Sophie le coupa d'un beau sourire.
- .. comment puis-je vous être utile, Mister Diable ?
(Résumé
des 14 épisodes précédents : la jeune Sophie accompagne le patron
de Swen Games, Jean-Benoît, qui a organisé une session de coaching au bénéfice d'un directeur hors du commun... Les aventures de Sophie vous attendentici)
Il y avait bien cinq siècles que le Diable ne s'était pas retrouvé dans les cordes. La gamine était à la hauteur de sa réputation.
- Tu commences à me plaire Sophie. 1-0 pour toi. Que t'a dit Jean-Benoît ?
- Il croit que vous êtes son directeur du développement. Il m'a dit que vous souhaitiez bénéficier d'un coaching. J'ai déjà les chocolats. Vous voulez les partager avec moi ?
- Oui, mais non. Je surveille ma ligne avant le mois d'août.
- Comment faites-vous pour peser si lourd ?
- Saleté de normes infernales. Depuis qu'ils nous ont ajouté leurs deux convertisseurs à venturi et tous ces inverseurs inertiels, on n'arrive plus a sortir en-dessous de 800, 850 avec les pleins pour la semaine. Je crame deux paires de chaussures par mois, heureusement que l'enfer a son compte chez Weston.

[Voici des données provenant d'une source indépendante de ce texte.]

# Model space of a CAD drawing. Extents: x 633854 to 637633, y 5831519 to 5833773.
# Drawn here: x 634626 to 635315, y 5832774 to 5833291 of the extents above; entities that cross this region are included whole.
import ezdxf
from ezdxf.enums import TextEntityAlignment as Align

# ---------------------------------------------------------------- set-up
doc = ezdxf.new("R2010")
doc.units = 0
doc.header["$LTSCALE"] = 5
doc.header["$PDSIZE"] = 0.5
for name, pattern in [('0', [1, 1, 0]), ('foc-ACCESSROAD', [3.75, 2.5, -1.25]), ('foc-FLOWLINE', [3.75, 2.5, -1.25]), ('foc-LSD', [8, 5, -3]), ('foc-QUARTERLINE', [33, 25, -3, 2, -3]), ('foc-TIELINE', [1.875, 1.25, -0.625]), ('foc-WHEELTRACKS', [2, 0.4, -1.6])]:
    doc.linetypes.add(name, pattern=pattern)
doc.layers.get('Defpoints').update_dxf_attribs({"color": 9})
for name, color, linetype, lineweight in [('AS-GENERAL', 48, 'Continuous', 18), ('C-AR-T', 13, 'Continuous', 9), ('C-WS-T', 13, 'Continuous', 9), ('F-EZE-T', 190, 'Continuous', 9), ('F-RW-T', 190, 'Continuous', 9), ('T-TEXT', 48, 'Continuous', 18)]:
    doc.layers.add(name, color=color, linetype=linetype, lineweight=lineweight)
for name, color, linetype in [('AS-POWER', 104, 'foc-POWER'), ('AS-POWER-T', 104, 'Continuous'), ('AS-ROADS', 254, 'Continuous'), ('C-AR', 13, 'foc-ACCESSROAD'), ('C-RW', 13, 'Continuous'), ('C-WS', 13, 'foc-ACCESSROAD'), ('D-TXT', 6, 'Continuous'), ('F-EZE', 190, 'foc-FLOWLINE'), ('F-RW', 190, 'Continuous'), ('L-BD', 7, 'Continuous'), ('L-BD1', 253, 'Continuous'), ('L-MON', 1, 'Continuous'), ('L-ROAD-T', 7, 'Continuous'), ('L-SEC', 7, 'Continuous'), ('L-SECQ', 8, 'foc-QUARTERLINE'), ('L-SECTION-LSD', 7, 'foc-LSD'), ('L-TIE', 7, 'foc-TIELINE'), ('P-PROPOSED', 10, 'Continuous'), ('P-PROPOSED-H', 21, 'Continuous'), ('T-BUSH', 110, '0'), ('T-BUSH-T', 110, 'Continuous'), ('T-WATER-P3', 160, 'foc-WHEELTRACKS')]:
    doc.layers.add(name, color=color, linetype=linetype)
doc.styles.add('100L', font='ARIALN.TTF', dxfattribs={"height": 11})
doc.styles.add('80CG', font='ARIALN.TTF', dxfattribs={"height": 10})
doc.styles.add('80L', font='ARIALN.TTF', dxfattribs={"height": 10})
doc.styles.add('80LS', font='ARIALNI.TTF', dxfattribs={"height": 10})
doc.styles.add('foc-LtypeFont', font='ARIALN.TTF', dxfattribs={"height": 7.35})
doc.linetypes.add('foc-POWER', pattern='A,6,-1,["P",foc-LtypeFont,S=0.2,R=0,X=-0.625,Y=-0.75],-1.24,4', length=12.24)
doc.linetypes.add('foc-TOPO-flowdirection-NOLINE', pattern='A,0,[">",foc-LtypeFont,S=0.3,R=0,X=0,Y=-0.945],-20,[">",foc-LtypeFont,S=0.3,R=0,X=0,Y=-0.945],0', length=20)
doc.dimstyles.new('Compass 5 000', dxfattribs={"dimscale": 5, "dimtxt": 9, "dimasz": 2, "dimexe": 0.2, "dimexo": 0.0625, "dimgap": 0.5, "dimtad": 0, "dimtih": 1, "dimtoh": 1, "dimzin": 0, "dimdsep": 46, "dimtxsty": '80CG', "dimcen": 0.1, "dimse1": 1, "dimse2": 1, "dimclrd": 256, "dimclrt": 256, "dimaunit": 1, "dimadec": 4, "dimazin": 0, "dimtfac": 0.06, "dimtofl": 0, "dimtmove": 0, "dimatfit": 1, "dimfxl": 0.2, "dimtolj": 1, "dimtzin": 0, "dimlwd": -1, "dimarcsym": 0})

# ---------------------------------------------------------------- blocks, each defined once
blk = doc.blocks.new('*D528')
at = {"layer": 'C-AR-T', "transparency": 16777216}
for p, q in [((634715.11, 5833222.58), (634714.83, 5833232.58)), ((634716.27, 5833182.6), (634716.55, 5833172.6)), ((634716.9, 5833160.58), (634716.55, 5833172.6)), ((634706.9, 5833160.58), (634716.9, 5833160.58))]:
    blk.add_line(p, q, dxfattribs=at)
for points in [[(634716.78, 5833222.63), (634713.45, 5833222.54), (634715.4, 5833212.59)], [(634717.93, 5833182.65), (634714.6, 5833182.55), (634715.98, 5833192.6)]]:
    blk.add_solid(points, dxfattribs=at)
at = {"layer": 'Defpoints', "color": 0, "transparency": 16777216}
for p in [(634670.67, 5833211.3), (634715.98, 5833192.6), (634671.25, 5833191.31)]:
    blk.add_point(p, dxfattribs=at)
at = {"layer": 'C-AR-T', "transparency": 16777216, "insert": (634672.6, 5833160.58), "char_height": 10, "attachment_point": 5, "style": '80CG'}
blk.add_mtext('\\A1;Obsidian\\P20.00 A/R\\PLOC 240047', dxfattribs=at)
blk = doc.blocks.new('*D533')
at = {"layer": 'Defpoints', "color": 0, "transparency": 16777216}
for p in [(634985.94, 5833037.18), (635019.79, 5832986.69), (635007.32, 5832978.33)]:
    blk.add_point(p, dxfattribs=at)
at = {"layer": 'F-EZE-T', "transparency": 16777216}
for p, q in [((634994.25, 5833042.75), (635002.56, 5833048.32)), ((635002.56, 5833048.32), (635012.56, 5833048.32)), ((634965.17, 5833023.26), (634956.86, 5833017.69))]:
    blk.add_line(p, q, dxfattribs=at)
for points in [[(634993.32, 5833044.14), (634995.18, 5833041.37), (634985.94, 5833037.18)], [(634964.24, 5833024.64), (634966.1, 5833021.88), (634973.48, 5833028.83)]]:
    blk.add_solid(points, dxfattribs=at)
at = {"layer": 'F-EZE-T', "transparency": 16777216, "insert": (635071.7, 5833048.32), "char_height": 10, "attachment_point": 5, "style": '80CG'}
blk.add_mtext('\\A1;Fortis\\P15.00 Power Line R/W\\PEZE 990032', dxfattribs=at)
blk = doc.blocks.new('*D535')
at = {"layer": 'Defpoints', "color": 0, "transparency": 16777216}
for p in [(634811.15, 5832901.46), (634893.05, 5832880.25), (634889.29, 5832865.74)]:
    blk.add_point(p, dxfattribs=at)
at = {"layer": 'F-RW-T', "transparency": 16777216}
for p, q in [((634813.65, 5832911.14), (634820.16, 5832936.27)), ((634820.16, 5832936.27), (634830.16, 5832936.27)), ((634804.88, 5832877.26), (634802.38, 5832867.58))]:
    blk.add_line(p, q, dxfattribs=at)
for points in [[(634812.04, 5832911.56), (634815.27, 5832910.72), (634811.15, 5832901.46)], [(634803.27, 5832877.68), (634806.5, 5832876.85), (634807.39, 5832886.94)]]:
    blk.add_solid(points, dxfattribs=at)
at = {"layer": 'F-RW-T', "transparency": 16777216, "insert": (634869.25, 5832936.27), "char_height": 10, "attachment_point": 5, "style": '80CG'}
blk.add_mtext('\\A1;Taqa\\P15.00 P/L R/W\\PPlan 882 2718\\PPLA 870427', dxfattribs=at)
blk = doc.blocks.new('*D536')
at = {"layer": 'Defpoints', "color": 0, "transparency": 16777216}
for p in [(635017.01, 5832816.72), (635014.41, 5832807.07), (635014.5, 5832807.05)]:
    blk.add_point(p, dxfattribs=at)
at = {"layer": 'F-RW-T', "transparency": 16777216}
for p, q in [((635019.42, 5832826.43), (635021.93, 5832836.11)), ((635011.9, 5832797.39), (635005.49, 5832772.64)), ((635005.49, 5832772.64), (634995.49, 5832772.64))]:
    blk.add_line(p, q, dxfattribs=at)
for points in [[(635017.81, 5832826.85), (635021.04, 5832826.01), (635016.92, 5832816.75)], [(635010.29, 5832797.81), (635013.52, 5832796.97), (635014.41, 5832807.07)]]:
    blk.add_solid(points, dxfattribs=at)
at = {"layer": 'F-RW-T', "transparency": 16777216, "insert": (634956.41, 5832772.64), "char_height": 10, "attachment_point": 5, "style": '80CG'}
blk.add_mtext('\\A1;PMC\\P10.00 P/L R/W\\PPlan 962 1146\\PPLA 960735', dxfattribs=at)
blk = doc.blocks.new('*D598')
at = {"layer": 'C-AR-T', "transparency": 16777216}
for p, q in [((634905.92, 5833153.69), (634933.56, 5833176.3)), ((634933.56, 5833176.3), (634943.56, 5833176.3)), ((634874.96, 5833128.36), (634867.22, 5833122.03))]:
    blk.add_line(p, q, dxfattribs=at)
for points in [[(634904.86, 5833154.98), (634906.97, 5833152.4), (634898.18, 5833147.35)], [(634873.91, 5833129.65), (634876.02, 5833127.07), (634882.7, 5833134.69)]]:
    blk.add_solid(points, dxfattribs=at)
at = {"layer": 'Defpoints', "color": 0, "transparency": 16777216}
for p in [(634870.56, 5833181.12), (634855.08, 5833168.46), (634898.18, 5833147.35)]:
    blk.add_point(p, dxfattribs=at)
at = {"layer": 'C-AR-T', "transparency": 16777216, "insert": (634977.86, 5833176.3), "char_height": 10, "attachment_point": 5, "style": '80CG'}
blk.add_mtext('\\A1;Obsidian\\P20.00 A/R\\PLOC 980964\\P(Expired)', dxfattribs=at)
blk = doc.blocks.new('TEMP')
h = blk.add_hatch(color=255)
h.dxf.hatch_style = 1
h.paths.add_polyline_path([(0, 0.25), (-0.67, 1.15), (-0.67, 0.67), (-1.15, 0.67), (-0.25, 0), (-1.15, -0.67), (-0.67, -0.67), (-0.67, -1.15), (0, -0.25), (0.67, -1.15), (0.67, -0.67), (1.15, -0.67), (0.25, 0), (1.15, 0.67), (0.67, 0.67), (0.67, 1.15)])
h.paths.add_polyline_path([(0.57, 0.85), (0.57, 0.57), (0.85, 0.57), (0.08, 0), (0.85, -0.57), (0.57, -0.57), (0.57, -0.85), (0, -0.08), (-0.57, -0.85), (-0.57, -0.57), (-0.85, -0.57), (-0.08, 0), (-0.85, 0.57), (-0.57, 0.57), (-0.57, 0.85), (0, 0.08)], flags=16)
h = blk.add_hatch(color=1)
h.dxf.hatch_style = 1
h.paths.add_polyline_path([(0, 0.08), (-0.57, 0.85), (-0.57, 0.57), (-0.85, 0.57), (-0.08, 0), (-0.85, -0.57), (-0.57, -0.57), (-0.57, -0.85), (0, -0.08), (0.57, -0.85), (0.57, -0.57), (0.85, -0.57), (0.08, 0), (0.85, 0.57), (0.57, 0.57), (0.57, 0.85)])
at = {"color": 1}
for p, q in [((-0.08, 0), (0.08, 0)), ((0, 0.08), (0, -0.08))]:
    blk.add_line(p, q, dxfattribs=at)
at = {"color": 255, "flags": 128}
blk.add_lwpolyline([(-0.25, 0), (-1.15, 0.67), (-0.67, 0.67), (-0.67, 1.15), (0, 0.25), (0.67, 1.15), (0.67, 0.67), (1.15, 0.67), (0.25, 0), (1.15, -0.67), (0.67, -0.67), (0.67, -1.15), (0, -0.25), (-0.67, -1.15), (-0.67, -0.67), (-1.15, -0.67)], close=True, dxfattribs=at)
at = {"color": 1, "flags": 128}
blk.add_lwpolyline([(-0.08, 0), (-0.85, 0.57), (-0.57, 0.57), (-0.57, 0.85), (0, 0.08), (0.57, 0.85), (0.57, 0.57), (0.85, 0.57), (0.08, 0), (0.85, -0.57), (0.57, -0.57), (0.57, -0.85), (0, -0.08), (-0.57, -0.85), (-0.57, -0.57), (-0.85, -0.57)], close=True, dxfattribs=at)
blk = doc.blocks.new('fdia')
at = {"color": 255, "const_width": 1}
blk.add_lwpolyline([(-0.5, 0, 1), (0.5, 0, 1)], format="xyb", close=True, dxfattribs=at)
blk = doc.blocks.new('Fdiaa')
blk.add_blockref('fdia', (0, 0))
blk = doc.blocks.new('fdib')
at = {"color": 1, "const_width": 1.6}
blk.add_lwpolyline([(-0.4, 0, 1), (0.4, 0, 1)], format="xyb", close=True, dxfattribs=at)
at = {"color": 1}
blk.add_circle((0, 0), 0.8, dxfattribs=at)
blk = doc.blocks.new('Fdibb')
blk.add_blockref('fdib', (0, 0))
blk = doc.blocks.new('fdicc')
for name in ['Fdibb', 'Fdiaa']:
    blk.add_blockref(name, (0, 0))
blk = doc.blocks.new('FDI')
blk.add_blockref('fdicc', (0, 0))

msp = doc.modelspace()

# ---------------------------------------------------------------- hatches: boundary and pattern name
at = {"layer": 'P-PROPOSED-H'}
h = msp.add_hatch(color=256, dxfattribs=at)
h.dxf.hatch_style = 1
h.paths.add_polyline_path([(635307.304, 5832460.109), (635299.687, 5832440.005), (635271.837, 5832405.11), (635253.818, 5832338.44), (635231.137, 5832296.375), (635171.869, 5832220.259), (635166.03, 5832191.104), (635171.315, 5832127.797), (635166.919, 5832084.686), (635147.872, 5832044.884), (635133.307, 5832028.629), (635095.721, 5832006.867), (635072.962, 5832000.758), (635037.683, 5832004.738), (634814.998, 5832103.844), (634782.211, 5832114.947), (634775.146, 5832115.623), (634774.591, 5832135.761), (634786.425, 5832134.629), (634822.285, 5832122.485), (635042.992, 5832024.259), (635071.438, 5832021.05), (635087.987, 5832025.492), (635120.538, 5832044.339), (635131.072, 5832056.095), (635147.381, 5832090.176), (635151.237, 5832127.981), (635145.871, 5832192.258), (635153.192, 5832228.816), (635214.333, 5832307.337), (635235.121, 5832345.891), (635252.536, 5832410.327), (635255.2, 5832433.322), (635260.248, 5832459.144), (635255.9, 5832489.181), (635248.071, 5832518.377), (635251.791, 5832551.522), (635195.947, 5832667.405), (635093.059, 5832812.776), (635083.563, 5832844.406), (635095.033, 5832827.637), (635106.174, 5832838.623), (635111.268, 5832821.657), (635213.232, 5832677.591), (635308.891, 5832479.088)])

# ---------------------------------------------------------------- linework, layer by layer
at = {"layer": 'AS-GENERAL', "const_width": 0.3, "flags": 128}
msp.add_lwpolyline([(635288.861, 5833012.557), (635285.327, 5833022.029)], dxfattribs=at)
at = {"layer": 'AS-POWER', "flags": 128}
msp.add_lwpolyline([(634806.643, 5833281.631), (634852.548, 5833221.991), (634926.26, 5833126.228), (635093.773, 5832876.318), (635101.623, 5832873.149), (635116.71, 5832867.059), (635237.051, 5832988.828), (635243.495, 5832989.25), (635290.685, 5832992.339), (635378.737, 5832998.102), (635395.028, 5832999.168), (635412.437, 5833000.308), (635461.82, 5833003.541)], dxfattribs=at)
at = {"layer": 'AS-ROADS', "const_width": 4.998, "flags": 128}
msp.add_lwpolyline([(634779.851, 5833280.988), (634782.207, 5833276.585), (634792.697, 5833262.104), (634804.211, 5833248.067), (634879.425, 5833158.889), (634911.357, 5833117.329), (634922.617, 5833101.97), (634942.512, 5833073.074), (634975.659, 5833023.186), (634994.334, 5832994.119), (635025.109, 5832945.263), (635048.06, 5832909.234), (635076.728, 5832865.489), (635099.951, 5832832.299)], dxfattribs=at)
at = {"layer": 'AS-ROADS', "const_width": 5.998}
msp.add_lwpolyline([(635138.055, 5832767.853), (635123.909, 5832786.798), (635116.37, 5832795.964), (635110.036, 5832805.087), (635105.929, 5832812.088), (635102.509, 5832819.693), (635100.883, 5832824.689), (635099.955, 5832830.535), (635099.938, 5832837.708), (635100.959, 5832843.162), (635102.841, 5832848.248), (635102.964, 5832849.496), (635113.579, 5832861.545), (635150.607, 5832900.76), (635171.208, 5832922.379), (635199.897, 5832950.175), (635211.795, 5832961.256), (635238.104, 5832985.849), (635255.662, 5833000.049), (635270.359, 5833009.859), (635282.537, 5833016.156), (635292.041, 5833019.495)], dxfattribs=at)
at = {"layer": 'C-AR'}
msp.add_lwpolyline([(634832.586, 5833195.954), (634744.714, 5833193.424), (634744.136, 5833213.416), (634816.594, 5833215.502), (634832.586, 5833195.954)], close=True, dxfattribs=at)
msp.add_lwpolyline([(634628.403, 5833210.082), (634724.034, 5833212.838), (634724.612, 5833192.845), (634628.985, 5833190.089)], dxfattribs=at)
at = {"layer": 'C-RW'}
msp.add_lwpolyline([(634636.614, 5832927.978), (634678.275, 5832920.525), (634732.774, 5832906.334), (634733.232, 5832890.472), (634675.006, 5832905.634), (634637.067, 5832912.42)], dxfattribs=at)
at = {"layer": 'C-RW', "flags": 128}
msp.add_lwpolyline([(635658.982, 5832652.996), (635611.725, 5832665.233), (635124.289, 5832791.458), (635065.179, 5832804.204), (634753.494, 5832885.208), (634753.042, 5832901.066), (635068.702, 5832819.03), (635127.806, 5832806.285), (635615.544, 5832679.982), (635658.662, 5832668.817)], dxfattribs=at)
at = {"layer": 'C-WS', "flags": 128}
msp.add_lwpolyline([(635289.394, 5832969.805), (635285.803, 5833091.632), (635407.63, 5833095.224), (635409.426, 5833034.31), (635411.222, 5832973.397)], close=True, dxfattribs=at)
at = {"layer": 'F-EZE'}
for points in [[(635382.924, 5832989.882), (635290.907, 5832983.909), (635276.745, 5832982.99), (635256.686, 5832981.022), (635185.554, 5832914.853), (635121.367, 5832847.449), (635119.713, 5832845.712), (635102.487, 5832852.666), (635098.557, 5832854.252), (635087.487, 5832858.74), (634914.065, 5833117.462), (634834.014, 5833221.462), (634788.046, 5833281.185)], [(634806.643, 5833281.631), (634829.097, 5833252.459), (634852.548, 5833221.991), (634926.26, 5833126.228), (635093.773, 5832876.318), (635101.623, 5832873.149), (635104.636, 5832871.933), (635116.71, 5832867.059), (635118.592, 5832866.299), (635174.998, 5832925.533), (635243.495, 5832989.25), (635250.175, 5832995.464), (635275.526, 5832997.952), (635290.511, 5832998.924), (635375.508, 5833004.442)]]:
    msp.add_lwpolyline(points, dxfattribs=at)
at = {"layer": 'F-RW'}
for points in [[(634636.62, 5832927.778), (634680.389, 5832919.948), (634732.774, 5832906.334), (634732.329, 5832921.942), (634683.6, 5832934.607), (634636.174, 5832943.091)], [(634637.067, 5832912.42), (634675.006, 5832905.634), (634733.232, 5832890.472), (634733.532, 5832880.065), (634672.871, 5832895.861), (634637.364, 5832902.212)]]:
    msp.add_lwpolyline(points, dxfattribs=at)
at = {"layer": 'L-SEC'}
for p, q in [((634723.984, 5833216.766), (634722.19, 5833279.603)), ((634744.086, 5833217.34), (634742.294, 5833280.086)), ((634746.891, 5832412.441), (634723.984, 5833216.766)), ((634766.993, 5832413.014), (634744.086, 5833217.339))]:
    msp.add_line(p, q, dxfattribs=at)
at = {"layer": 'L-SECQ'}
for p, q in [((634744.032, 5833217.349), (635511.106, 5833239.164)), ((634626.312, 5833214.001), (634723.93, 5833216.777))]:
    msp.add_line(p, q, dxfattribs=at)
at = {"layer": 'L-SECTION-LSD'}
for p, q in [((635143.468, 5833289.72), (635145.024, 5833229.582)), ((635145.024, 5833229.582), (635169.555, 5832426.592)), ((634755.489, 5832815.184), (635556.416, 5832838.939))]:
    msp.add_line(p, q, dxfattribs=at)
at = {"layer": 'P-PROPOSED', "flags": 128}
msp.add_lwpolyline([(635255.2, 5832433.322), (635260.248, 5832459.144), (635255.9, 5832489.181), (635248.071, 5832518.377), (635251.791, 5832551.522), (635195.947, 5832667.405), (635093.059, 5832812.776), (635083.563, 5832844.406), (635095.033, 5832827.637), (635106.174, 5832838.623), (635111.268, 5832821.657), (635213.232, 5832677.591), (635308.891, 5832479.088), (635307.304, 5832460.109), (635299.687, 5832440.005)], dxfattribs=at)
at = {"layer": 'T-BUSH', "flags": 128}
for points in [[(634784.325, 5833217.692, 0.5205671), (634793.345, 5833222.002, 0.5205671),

- Je vais savourer vos chocolats toute seule. Je vous écoute.
- Tu l'as compris Sophie, cette fonction de directeur du développement pour Swen Games est une couverture.
- C'est bien imité. Je pensais que les démons pouvaient se passer de travailler ?
- Notre vrai travail est de détourner les humains de leur chemin. Avec les religions qui pullulent, c'est du boulot. Nous avons revu nos méthodes et nous occupons maintenant le terrain de l'entreprise. Plus loin des lieux de culte, plus près du consommateur final. En plus, c'est là qu'on est le moins repérable. Bien sûr, nous choisissons nos postes avec soin.
- Directeur du développement, par exemple.
- Je ne te le fais pas dire : au coeur des décisions, de l'ascendant sur ces pitoyables créatures, du choix et de la qualité de victimes, peu de responsabilités.
- Vous n'avez pas été formé à exercer des responsabilités ?
- L'esprit des ténèbres ne peut répondre de ses actes devant quoi que ce soit. Alors tu imagines, devant d'infimes sujets ! Nous autres démons sommes préparés à éluder les conséquences de nos décisions. En tant que directeur du développement, c'est facile : tout ce qui va bien, c'est grâce à moi, le reste c'est la faute aux autres. Note bien que j'ai l'embarras du choix. Ces négligeables mortels se bousculent au portillon pour assumer, comme ils disent.
- Cette grosse ficelle marche ?
- Avant l'arrivée de Jean-Benoît, ça le faisait. Depuis quelque temps, ça se gâte. C'est là que tu interviens.
- Qu'attendez-vous de moi ?
- Je veux me débarrasser de mon stress.
- Diable ! Racontez-moi ça.
- C'est devenu inhumain, si je puis dire. C'est déjà pas un boulot facile, si en plus faut souffrir, je raccroche les cornes.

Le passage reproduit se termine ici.